The Shomali Plain, also called the Shomali Valley, is a plateau just north of Kabul, Afghanistan. It is approximately 30 km wide and 80 km long. Once, it was a fertile area, rich with water, where fruits and vegetables were cultivated, and where Kabul's residents picknicked on weekends.

The region was often battleground during the wars in Afghanistan since 1978.

Taliban rule (1996-2001)
During the rule of the Taliban (1996-2001), fighting in the Shomali Plain was relatively sparse, but the plateau was maintained as fighting frontier by Ahmad Shah Massoud and his Northern Alliance who challenged the Taliban's control over much of Afghanistan.

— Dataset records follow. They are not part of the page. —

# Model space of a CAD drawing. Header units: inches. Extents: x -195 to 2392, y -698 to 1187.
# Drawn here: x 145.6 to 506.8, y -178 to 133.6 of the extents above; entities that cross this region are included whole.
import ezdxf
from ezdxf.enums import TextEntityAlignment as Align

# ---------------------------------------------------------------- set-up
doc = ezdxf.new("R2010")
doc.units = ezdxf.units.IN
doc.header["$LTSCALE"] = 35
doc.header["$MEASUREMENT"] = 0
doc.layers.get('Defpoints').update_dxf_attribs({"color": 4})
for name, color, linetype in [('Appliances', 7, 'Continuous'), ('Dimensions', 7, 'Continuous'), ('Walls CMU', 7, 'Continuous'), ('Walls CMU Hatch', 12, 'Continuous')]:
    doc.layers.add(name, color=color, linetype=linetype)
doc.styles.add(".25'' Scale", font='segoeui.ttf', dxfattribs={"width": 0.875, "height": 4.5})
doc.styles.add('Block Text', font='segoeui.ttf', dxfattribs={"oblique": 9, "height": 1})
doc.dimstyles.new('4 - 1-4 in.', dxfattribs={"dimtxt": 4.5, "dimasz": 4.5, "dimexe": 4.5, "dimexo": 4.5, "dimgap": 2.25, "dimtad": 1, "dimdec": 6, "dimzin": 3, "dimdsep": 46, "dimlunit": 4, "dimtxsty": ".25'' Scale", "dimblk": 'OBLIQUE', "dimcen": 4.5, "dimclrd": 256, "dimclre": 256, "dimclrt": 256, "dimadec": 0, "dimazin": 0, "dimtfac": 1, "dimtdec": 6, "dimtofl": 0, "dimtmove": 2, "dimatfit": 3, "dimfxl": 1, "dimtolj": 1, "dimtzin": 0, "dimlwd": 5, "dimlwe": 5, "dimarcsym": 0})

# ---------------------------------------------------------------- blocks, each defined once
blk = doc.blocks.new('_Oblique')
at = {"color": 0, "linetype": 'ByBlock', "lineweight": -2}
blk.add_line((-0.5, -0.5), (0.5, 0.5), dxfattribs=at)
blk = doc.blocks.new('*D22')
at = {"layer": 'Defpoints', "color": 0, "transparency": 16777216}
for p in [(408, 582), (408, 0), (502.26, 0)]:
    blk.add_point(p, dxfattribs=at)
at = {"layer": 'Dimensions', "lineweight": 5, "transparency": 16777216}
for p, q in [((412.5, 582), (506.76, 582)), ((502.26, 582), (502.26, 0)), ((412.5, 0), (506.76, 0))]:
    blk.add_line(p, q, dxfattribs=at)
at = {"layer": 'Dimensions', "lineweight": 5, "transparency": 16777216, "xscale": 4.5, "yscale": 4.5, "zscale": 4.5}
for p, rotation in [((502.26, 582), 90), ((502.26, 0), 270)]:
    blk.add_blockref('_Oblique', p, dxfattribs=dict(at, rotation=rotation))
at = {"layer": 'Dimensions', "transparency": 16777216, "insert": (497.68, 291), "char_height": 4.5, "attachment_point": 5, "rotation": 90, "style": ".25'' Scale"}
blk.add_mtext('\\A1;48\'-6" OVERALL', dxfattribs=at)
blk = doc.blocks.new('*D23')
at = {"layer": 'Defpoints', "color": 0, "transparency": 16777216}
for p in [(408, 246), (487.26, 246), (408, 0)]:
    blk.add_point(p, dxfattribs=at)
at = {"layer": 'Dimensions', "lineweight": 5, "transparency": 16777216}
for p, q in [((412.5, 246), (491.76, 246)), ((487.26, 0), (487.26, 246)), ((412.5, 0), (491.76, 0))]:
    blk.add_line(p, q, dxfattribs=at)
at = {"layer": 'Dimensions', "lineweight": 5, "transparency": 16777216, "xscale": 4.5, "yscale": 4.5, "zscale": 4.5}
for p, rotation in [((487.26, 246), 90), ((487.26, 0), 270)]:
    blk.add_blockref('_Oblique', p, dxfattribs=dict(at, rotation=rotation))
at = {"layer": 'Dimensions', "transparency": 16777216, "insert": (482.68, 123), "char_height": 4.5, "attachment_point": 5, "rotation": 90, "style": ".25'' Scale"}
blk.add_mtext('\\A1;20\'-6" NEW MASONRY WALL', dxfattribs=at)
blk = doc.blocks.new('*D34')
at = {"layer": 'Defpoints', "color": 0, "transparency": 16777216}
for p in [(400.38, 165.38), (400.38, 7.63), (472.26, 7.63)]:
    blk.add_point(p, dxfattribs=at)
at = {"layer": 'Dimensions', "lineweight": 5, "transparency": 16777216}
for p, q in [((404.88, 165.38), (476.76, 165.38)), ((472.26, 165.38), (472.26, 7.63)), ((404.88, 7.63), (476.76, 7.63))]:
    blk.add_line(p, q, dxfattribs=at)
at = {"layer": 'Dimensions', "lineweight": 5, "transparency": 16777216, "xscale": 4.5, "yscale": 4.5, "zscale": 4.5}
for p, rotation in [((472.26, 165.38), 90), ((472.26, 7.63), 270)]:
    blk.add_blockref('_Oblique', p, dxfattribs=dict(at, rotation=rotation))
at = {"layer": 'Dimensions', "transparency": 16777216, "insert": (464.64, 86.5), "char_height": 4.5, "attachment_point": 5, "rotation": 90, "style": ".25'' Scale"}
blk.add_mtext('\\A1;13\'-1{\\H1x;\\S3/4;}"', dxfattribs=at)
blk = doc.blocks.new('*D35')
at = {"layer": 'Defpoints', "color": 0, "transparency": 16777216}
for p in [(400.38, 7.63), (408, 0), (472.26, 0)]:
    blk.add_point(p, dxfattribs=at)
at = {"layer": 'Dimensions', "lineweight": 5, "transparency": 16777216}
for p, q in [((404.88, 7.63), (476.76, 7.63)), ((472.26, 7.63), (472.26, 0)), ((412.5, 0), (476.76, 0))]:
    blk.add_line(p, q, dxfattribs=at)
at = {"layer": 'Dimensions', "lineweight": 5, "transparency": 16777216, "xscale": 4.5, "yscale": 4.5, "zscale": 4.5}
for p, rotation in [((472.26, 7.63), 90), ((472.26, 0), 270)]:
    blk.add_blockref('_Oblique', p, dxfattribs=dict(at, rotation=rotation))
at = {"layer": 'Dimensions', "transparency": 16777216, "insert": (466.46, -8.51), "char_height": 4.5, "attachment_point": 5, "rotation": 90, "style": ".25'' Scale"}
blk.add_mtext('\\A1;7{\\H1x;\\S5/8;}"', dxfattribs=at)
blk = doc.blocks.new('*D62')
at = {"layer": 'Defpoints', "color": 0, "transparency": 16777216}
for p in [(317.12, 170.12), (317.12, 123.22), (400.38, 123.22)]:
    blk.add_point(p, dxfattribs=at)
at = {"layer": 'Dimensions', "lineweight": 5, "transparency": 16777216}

When the Taliban retreated from the Plain in 1997, they poisoned wells, cut down trees, and destroyed the irrigation system of what was a largely Tajik area, although there are also many Pashtuns in the area.
In 1999, the Taliban considered the region, especially towns such as Istalif with 45,000 residents, a liability and they razed such towns, destroyed farms, and forced hundreds of thousands of people from the region.

2001
In 2001, a brief battle took place on Shomali Plain between the Taliban and the Northern Alliance. The Taliban forces, fearing encirclement, demoralized by the fall of the northern cities, and under constant American air attack, retreated to the Kabul, 45 kilometres to the north, and a day later they abandoned the city.

Rebuilding since 2002 
In the 2001 Afghan War, the Northern Alliance was directed to take the Shomali Plain after it secured the supply routes from the north, and wait for an international peacekeeping force to move into Kabul. They did not wait, however, because the Taliban retreated from Kabul without a fight, leaving a security vacuum, and consequently the Northern Alliance occupied Kabul without major problems.

In the summer of 2002, the Taliban being driven from Afghanistan, villagers started to return to the Shomali Plain, starting to rebuild the agriculture and their houses.  
Late 2002, the Shomali Plain still looked mostly like a desert or destructed battleground, with hardly a bush or tree, but strewn with tank-wrecks, demolished cars, torn shipping containers, and mine fields along the main road, and was considered by the UN Mine Action Center as one of the world's most active land mine areas.

By 2004, the United Nations High Commissioner for Refugees had put in 300 water points and resettled 14,000 families.

By 2009, the Shomali Plain had become one of the relatively few prospering areas of Afghanistan.
The A76 highway, running through the Shomali Plain, is militarily necessary, had been rebuilt by 2009 and was being secured, which urgency and security did not exist elsewhere in the country.
That A76 runs from Kabul to Bagram and Charikar in Parwan Province, and then into the Hindu Kush mountains to the Salang Tunnel. The tunnel provides the only year-round, all-weather access to the north of Afghanistan.